**Material provided**

────────────────

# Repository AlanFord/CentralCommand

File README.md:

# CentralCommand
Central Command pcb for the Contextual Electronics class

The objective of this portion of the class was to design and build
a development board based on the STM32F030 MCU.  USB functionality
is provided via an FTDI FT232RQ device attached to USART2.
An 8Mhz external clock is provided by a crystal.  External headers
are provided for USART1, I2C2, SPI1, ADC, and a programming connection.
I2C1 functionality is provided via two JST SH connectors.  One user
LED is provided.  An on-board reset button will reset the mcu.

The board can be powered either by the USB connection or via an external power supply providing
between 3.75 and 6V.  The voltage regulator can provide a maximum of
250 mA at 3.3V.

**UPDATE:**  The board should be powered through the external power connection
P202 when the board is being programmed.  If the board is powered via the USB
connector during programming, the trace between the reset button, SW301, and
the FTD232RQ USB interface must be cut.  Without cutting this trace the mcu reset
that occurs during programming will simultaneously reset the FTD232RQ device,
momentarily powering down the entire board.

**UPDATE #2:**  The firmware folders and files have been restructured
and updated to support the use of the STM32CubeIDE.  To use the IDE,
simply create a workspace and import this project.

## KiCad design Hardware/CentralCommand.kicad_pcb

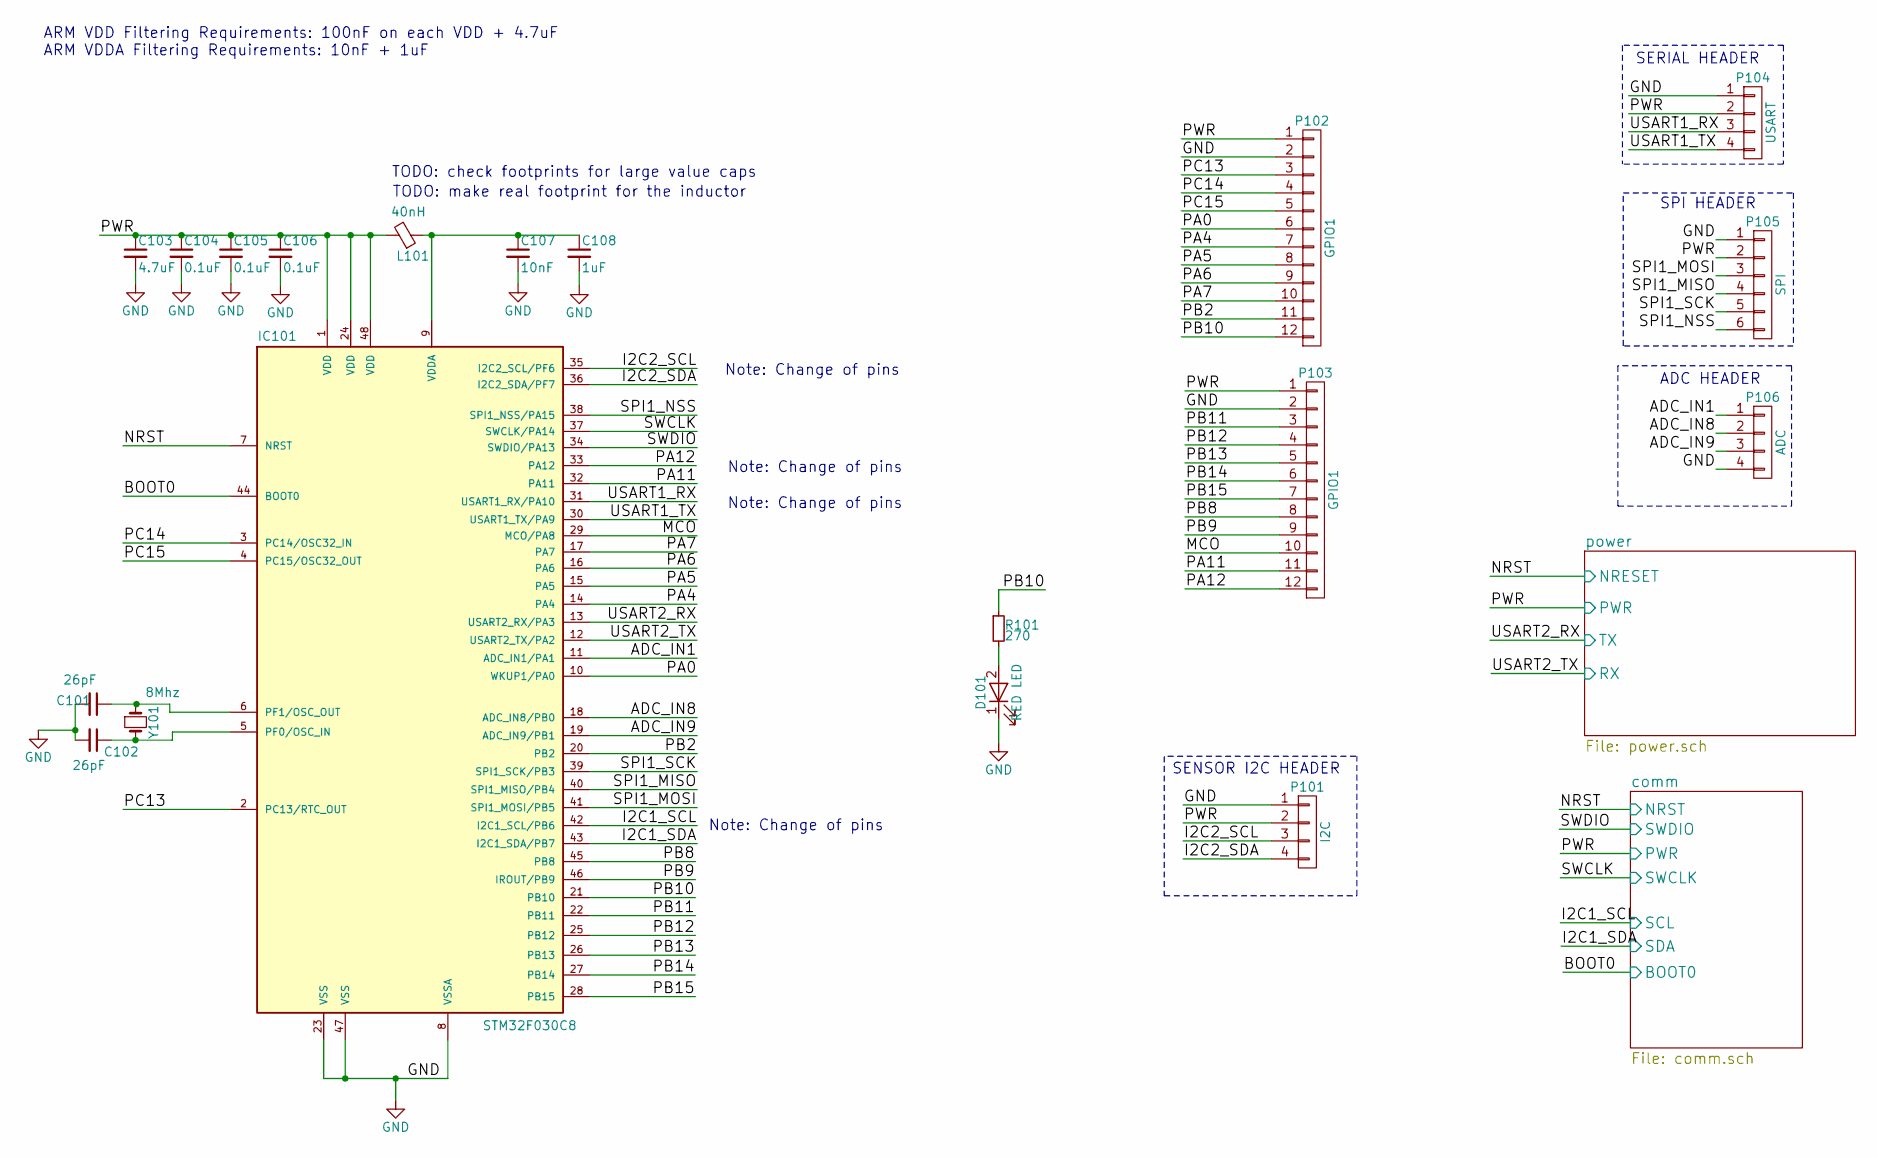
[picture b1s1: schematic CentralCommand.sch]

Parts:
C101, C102: 26pF; C_0805
C103: 4.7uF; C_0805
C104, C105, C106: 0.1uF; C_0805
C107: 10nF; C_0805
C108: 1uF; C_0805
D101: RED LED; LED_0805
IC101: STM32F030C8; LQFP-48_7x7mm_Pitch0.5mm; MPN STM32F030C8T6
L101: 40nH; C_0805; MPN MI0805K400R-10
P101: I2C; Pin_Header_Straight_1x04
P102, P103: GPIO1; Pin_Header_Straight_1x12
P104: USART; Pin_Header_Straight_1x04
P105: SPI; Pin_Header_Straight_1x06
P106: ADC; Pin_Header_Straight_1x04
R101: 270; R_0805
Y101: 8Mhz; Crystal_HC49-SD_SMD; MPN 9C-8.000MEEJ-T

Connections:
/ADC_IN1: IC101.11 (ADC_IN1/PA1), P106.1
/ADC_IN8: IC101.18 (ADC_IN8/PB0), P106.2
/ADC_IN9: IC101.19 (ADC_IN9/PB1), P106.3
/BOOT0: IC101.44 (BOOT0); also elsewhere on the board
/I2C1_SCL: IC101.42 (I2C1_SCL/PB6); also elsewhere on the board
/I2C1_SDA: IC101.43 (I2C1_SDA/PB7); also elsewhere on the board
/I2C2_SCL: IC101.35 (I2C2_SCL/PF6), P101.3
/I2C2_SDA: IC101.36 (I2C2_SDA/PF7), P101.4
/MCO: IC101.29 (MCO/PA8), P103.10
/NRST: IC101.7 (NRST); also elsewhere on the board
/PA0: IC101.10 (WKUP1/PA0), P102.6
/PA4: IC101.14 (PA4), P102.7
/PA5: IC101.15 (PA5), P102.8
/PA6: IC101.16 (PA6), P102.9
/PA7: IC101.17 (PA7), P102.10
/PA11: IC101.32 (PA11), P103.11
/PA12: IC101.33 (PA12), P103.12
/PB2: IC101.20 (PB2), P102.11
/PB8: IC101.45 (PB8), P103.8
/PB9: IC101.46 (IROUT/PB9), P103.9
/PB10: IC101.21 (PB10), P102.12, R101.1
/PB11: IC101.22 (PB11), P103.3
/PB12: IC101.25 (PB12), P103.4
/PB13: IC101.26 (PB13), P103.5
/PB14: IC101.27 (PB14), P103.6
/PB15: IC101.28 (PB15), P103.7
/PC13: IC101.2 (PC13/RTC_OUT), P102.3
/PC14: IC101.3 (PC14/OSC32_IN), P102.4
/PC15: IC101.4 (PC15/OSC32_OUT), P102.5
/PWR: C103.1, C104.1, C105.1, C106.1, IC101.1 (VDD), IC101.24 (VDD), IC101.48 (VDD), L101.2, P101.2, P102.1, P103.1, P104.2, P105.2; also elsewhere on the board
/SPI1_MISO: IC101.40 (SPI1_MISO/PB4), P105.4
/SPI1_MOSI: IC101.41 (SPI1_MOSI/PB5), P105.3
/SPI1_NSS: IC101.38 (SPI1_NSS/PA15), P105.6
/SPI1_SCK: IC101.39 (SPI1_SCK/PB3), P105.5
/SWCLK: IC101.37 (SWCLK/PA14); also elsewhere on the board
/SWDIO: IC101.34 (SWDIO/PA13); also elsewhere on the board
/USART1_RX: IC101.31 (USART1_RX/PA10), P104.3
/USART1_TX: IC101.30 (USART1_TX/PA9), P104.4
/USART2_RX: IC101.13 (USART2_RX/PA3); also elsewhere on the board
/USART2_TX: IC101.12 (USART2_TX/PA2); also elsewhere on the board
GND: C101.2, C102.2, C103.2, C104.2, C105.2, C106.2, C107.2, C108.2, D101.1 (K), IC101.8 (VSSA), IC101.23 (VSS), IC101.47 (VSS), P101.1, P102.2, P103.2, P104.1, P105.1, P106.4; also elsewhere on the board
unnamed: C101.1, IC101.6 (PF1/OSC_OUT), Y101.1
unnamed: C102.1, IC101.5 (PF0/OSC_IN), Y101.2
unnamed: C107.1, C108.1, IC101.9 (VDDA), L101.1
unnamed: D101.2 (A), R101.2

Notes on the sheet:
ARM VDD Filtering Requirements: 100nF on each VDD + 4.7uF ARM VDDA Filtering Requirements: 10nF + 1uF
SERIAL HEADER
SPI HEADER
ADC HEADER
SENSOR I2C HEADER
Note: Change of pins
TODO: make real footprint for the inductor
TODO: check footprints for large value caps

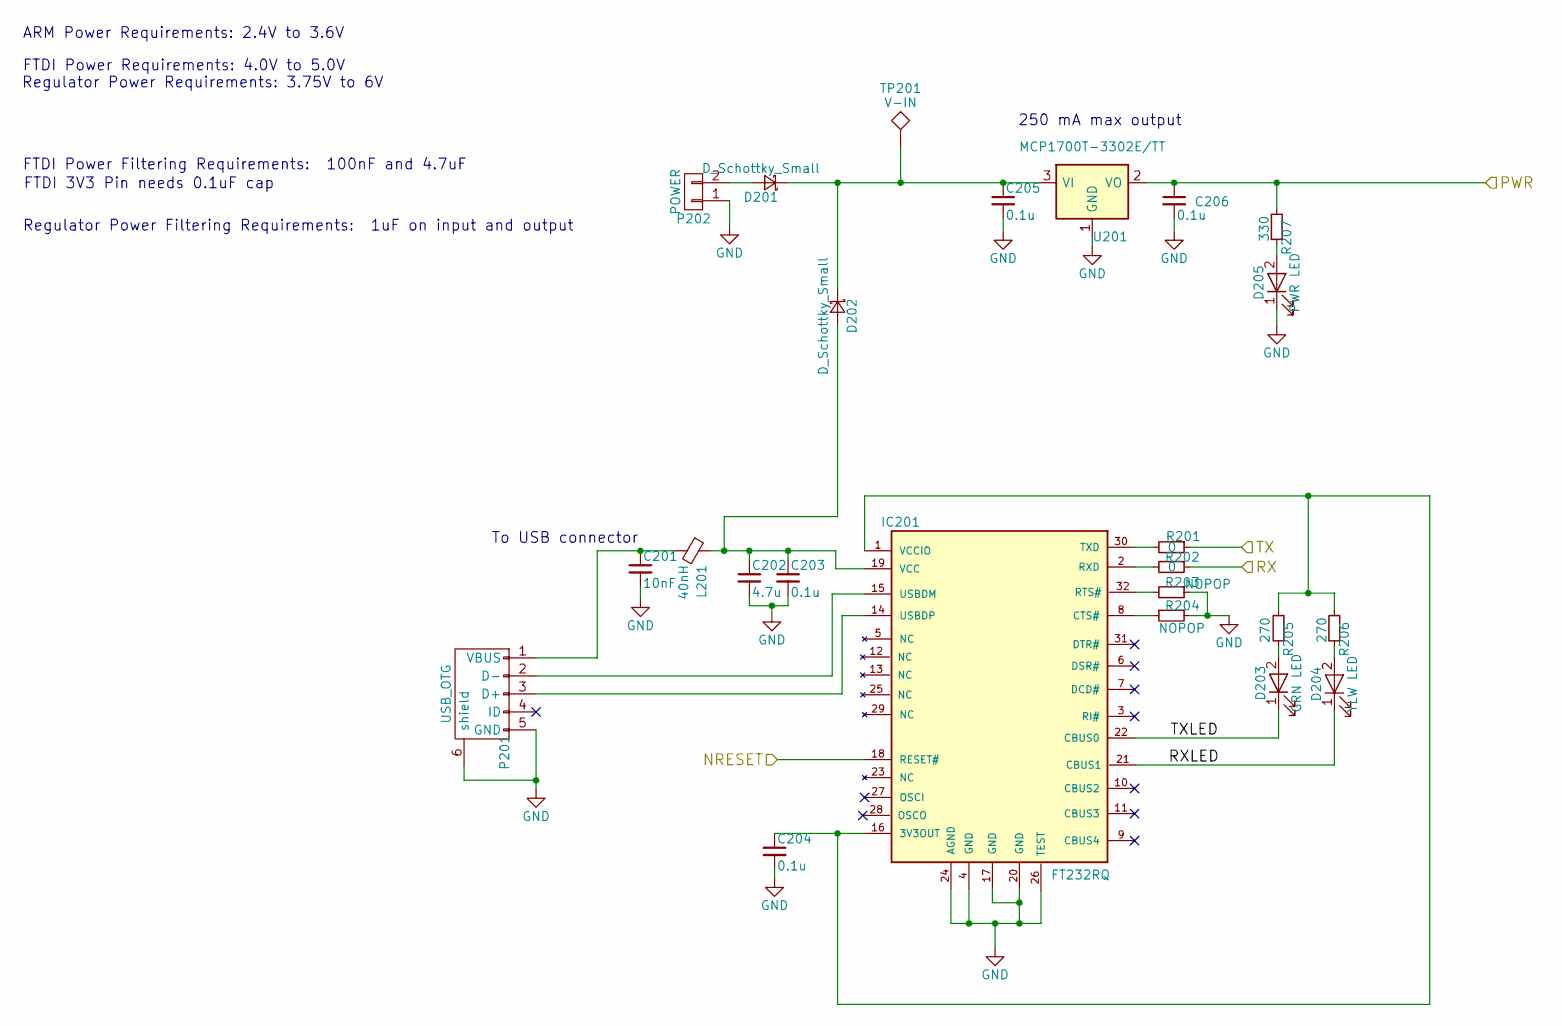
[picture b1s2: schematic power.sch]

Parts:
C201: 10nF; C_0805
C202: 4.7u; C_0805
C203, C204, C205, C206: 0.1u; C_0805
D201, D202: D_Schottky_Small; D_0805; MPN SK310A-TP
D203: GRN LED; LED_0805; MPN LTST-C171GKT
D204: YLW LED; LED_0805; MPN LTST-C171GKT
D205: PWR LED; LED_0805; MPN LTST-C171GKT
IC201: FT232RQ
L201: 40nH; C_0805; MPN MI0805K400R-10
P201: USB_OTG; 10118193; MPN 10118193-0001LF
P202: POWER; Pin_Header_Straight_1x02
R201, R202: 0; R_0805
R203, R204: NOPOP; R_0805
R205, R206: 270; R_0805
R207: 330; R_0805
TP201: V-IN; Measurement_Point_Round-SMD-Pad_Small
U201: MCP1700T-3302E/TT; SOT-23

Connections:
/NRST: IC201.18 (RESET#); also elsewhere on the board
/PWR: C206.1, R207.2, U201.2 (VO); also elsewhere on the board
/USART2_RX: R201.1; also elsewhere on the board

────────────────

**Work to be completed**
Print exactly the lines above, between the one holding "IC101.17 (PA7), P102.10" and the one holding "Notes on the", inclusive, and nothing besides.

**Reply**
/PA7: IC101.17 (PA7), P102.10
/PA11: IC101.32 (PA11), P103.11
/PA12: IC101.33 (PA12), P103.12
/PB2: IC101.20 (PB2), P102.11
/PB8: IC101.45 (PB8), P103.8
/PB9: IC101.46 (IROUT/PB9), P103.9
/PB10: IC101.21 (PB10), P102.12, R101.1
/PB11: IC101.22 (PB11), P103.3
/PB12: IC101.25 (PB12), P103.4
/PB13: IC101.26 (PB13), P103.5
/PB14: IC101.27 (PB14), P103.6
/PB15: IC101.28 (PB15), P103.7
/PC13: IC101.2 (PC13/RTC_OUT), P102.3
/PC14: IC101.3 (PC14/OSC32_IN), P102.4
/PC15: IC101.4 (PC15/OSC32_OUT), P102.5
/PWR: C103.1, C104.1, C105.1, C106.1, IC101.1 (VDD), IC101.24 (VDD), IC101.48 (VDD), L101.2, P101.2, P102.1, P103.1, P104.2, P105.2; also elsewhere on the board
/SPI1_MISO: IC101.40 (SPI1_MISO/PB4), P105.4
/SPI1_MOSI: IC101.41 (SPI1_MOSI/PB5), P105.3
/SPI1_NSS: IC101.38 (SPI1_NSS/PA15), P105.6
/SPI1_SCK: IC101.39 (SPI1_SCK/PB3), P105.5
/SWCLK: IC101.37 (SWCLK/PA14); also elsewhere on the board
/SWDIO: IC101.34 (SWDIO/PA13); also elsewhere on the board
/USART1_RX: IC101.31 (USART1_RX/PA10), P104.3
/USART1_TX: IC101.30 (USART1_TX/PA9), P104.4
/USART2_RX: IC101.13 (USART2_RX/PA3); also elsewhere on the board
/USART2_TX: IC101.12 (USART2_TX/PA2); also elsewhere on the board
GND: C101.2, C102.2, C103.2, C104.2, C105.2, C106.2, C107.2, C108.2, D101.1 (K), IC101.8 (VSSA), IC101.23 (VSS), IC101.47 (VSS), P101.1, P102.2, P103.2, P104.1, P105.1, P106.4; also elsewhere on the board
unnamed: C101.1, IC101.6 (PF1/OSC_OUT), Y101.1
unnamed: C102.1, IC101.5 (PF0/OSC_IN), Y101.2
unnamed: C107.1, C108.1, IC101.9 (VDDA), L101.1
unnamed: D101.2 (A), R101.2

Notes on the sheet:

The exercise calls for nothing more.